*** MATERIAL FOR THIS TASK
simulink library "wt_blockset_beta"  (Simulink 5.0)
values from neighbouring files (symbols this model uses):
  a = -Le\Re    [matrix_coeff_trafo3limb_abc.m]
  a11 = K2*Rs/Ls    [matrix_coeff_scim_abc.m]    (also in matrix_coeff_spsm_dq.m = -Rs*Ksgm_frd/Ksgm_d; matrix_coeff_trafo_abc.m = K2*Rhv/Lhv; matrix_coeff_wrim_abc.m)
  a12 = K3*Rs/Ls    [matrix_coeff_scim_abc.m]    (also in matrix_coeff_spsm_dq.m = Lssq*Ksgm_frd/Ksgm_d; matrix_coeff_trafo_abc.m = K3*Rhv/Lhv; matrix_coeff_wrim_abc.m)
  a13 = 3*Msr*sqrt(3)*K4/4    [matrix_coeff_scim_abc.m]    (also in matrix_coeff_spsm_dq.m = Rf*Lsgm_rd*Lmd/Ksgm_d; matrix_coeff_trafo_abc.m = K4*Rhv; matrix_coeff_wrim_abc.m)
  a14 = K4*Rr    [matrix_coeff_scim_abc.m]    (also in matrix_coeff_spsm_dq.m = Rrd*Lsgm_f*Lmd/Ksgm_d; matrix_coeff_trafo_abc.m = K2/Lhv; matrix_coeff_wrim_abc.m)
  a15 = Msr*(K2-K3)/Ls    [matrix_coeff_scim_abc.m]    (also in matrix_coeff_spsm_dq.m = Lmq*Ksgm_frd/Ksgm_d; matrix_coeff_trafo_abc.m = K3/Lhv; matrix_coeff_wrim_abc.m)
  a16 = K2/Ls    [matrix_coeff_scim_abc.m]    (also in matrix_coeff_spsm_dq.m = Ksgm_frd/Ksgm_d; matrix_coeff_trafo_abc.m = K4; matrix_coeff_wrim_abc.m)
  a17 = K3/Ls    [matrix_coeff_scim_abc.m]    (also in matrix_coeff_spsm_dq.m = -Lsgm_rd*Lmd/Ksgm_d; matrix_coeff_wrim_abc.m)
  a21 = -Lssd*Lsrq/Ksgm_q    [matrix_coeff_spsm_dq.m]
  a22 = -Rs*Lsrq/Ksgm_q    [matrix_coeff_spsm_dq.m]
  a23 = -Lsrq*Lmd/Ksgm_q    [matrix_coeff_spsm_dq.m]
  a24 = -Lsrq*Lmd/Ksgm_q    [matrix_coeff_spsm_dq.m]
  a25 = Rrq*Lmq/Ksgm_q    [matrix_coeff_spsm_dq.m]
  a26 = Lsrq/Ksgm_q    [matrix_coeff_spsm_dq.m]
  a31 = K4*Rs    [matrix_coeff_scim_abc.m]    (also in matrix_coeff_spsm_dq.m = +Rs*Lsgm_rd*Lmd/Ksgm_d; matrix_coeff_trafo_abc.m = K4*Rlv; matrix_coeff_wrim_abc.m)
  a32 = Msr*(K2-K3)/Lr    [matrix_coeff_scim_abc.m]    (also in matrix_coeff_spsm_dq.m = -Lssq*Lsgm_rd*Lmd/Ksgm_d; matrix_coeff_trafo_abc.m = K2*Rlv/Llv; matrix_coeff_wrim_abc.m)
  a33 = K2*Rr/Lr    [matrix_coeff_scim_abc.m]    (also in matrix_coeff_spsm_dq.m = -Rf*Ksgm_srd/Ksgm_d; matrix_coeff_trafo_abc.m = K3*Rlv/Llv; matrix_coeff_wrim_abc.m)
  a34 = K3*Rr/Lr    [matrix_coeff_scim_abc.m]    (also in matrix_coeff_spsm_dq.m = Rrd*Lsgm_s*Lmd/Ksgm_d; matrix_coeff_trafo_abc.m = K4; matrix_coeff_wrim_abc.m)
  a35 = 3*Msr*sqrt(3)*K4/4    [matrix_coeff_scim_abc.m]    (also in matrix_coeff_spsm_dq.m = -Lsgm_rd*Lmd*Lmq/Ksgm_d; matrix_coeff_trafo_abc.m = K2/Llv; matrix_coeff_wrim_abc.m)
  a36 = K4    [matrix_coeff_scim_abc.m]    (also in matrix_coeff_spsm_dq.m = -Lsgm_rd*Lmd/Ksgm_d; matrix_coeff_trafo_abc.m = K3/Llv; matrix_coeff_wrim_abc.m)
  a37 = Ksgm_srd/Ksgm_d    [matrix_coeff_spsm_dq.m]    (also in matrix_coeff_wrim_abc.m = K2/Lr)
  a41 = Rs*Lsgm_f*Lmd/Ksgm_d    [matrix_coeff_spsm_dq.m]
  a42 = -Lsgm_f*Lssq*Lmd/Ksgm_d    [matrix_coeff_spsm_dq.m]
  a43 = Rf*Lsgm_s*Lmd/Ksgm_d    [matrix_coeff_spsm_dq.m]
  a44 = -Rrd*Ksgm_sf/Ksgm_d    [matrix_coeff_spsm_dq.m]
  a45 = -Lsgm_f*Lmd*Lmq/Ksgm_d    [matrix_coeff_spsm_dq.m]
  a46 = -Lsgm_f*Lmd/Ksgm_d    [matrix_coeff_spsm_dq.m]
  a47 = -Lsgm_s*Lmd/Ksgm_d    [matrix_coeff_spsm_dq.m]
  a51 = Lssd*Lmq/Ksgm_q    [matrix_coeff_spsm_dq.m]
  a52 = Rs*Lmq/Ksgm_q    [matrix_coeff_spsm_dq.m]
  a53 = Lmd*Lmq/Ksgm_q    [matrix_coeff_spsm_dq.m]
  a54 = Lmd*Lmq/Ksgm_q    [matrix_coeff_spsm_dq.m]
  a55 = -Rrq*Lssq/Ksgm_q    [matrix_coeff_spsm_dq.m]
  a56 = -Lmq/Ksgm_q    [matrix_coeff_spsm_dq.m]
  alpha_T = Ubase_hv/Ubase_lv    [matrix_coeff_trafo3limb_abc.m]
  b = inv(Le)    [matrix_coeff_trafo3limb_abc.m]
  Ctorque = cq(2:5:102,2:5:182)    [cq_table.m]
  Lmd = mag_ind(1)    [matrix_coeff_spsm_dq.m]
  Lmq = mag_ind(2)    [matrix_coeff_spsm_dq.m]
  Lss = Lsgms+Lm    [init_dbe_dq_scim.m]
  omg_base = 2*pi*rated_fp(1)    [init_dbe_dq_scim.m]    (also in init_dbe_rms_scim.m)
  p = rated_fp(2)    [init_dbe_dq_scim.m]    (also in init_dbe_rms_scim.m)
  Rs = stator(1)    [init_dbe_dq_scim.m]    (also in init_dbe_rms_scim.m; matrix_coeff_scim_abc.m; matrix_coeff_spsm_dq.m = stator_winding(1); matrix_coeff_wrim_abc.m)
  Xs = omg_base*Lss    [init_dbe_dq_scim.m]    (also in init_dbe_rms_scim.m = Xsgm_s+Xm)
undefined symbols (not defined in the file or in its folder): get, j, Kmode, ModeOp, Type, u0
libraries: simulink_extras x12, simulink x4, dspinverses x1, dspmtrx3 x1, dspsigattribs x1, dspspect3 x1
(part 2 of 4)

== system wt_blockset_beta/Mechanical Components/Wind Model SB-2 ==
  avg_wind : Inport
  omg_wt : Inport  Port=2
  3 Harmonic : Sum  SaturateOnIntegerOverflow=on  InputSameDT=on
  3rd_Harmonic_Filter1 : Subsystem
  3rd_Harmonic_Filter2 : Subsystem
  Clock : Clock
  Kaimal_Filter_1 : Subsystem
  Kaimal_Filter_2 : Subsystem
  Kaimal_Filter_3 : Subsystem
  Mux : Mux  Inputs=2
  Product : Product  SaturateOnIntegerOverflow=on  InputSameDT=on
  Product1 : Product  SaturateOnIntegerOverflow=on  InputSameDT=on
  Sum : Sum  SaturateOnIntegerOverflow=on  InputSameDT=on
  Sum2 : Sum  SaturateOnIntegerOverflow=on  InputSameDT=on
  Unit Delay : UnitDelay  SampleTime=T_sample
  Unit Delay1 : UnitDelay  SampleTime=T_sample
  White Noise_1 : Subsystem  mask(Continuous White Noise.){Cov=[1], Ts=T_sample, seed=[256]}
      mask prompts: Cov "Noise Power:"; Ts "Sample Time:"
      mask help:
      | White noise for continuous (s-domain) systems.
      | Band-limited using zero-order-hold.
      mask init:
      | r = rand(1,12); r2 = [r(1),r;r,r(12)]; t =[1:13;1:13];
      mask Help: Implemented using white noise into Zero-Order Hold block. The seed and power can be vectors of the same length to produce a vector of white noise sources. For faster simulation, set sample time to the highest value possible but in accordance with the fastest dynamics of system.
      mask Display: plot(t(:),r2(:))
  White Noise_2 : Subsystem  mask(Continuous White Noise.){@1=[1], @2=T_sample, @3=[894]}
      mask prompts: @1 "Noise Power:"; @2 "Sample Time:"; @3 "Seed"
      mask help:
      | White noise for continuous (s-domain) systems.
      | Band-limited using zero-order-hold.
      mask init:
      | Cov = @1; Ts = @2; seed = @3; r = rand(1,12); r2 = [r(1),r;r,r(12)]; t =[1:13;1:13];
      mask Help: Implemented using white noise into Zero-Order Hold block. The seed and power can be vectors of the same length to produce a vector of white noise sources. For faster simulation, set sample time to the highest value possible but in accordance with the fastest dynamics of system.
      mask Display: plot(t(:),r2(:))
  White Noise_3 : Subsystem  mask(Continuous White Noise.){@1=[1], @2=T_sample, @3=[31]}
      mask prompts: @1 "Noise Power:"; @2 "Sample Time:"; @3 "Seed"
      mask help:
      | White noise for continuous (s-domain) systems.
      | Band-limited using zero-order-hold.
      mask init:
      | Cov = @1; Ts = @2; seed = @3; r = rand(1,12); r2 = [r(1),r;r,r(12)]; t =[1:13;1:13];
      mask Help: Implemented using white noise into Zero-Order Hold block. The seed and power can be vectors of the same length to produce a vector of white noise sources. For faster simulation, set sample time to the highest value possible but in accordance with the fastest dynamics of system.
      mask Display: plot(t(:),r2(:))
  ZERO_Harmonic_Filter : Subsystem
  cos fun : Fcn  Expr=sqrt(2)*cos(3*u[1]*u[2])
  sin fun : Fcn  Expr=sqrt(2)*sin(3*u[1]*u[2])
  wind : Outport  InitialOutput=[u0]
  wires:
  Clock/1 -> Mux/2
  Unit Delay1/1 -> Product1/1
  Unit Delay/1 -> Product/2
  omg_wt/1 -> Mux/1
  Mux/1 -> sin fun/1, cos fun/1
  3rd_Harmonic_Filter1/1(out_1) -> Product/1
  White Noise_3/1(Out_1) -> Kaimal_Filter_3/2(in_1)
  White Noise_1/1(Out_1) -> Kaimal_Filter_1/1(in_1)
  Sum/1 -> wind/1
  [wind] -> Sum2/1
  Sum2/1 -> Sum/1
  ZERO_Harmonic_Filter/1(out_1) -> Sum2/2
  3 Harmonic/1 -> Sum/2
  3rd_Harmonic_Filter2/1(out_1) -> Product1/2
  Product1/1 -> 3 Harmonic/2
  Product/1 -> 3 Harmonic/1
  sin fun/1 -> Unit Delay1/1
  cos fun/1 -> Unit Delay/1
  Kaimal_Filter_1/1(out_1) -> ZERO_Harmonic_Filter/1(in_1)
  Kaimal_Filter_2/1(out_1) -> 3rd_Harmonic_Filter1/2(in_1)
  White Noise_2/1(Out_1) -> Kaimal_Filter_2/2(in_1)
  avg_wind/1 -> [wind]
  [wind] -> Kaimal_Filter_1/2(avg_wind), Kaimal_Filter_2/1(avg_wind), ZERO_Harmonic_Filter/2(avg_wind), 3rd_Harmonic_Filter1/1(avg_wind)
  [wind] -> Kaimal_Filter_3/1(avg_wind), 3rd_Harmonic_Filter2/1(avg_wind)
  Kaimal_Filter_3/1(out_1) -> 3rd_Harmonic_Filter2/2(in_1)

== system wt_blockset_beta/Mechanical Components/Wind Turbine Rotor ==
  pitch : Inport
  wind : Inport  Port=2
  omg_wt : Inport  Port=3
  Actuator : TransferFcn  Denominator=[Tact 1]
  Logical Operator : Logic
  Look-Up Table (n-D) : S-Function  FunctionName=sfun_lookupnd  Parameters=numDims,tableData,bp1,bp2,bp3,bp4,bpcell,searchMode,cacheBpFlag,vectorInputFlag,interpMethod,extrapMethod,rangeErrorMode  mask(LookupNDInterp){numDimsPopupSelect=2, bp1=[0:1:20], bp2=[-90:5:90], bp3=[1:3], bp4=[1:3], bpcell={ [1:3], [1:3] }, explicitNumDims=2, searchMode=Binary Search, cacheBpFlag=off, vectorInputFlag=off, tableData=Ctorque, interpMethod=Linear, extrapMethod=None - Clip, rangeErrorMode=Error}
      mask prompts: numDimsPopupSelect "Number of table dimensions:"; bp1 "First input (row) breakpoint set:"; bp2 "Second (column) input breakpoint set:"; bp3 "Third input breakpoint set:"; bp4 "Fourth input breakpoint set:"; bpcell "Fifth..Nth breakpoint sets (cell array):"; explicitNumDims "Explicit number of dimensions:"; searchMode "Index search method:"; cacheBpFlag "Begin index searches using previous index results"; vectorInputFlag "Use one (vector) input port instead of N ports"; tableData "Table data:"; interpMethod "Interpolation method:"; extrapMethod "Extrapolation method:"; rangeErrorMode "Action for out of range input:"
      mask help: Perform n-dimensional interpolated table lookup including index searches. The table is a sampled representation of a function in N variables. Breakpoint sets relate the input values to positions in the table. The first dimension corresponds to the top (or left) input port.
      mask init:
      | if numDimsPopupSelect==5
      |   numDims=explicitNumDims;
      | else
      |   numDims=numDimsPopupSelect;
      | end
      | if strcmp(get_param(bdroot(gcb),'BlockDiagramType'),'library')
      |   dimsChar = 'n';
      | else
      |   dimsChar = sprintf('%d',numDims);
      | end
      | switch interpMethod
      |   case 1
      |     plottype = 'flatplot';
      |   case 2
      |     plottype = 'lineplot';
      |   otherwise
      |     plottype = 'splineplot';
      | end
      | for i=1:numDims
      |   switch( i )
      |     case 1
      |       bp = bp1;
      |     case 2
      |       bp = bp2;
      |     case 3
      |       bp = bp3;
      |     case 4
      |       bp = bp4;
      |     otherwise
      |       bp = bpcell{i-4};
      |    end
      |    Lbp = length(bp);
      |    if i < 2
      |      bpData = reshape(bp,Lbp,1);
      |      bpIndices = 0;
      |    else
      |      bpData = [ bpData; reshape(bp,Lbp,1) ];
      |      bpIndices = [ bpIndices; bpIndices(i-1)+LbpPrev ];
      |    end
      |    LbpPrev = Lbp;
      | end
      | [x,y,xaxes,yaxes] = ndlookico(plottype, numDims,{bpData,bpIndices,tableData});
******
Exactly as they appear above, output the lines of the data from the first through the one that contains "a12 = K3*Rs/Ls", and only those lines.

EXERCISE ANSWER:
simulink library "wt_blockset_beta"  (Simulink 5.0)
values from neighbouring files (symbols this model uses):
  a = -Le\Re    [matrix_coeff_trafo3limb_abc.m]
  a11 = K2*Rs/Ls    [matrix_coeff_scim_abc.m]    (also in matrix_coeff_spsm_dq.m = -Rs*Ksgm_frd/Ksgm_d; matrix_coeff_trafo_abc.m = K2*Rhv/Lhv; matrix_coeff_wrim_abc.m)
  a12 = K3*Rs/Ls    [matrix_coeff_scim_abc.m]    (also in matrix_coeff_spsm_dq.m = Lssq*Ksgm_frd/Ksgm_d; matrix_coeff_trafo_abc.m = K3*Rhv/Lhv; matrix_coeff_wrim_abc.m)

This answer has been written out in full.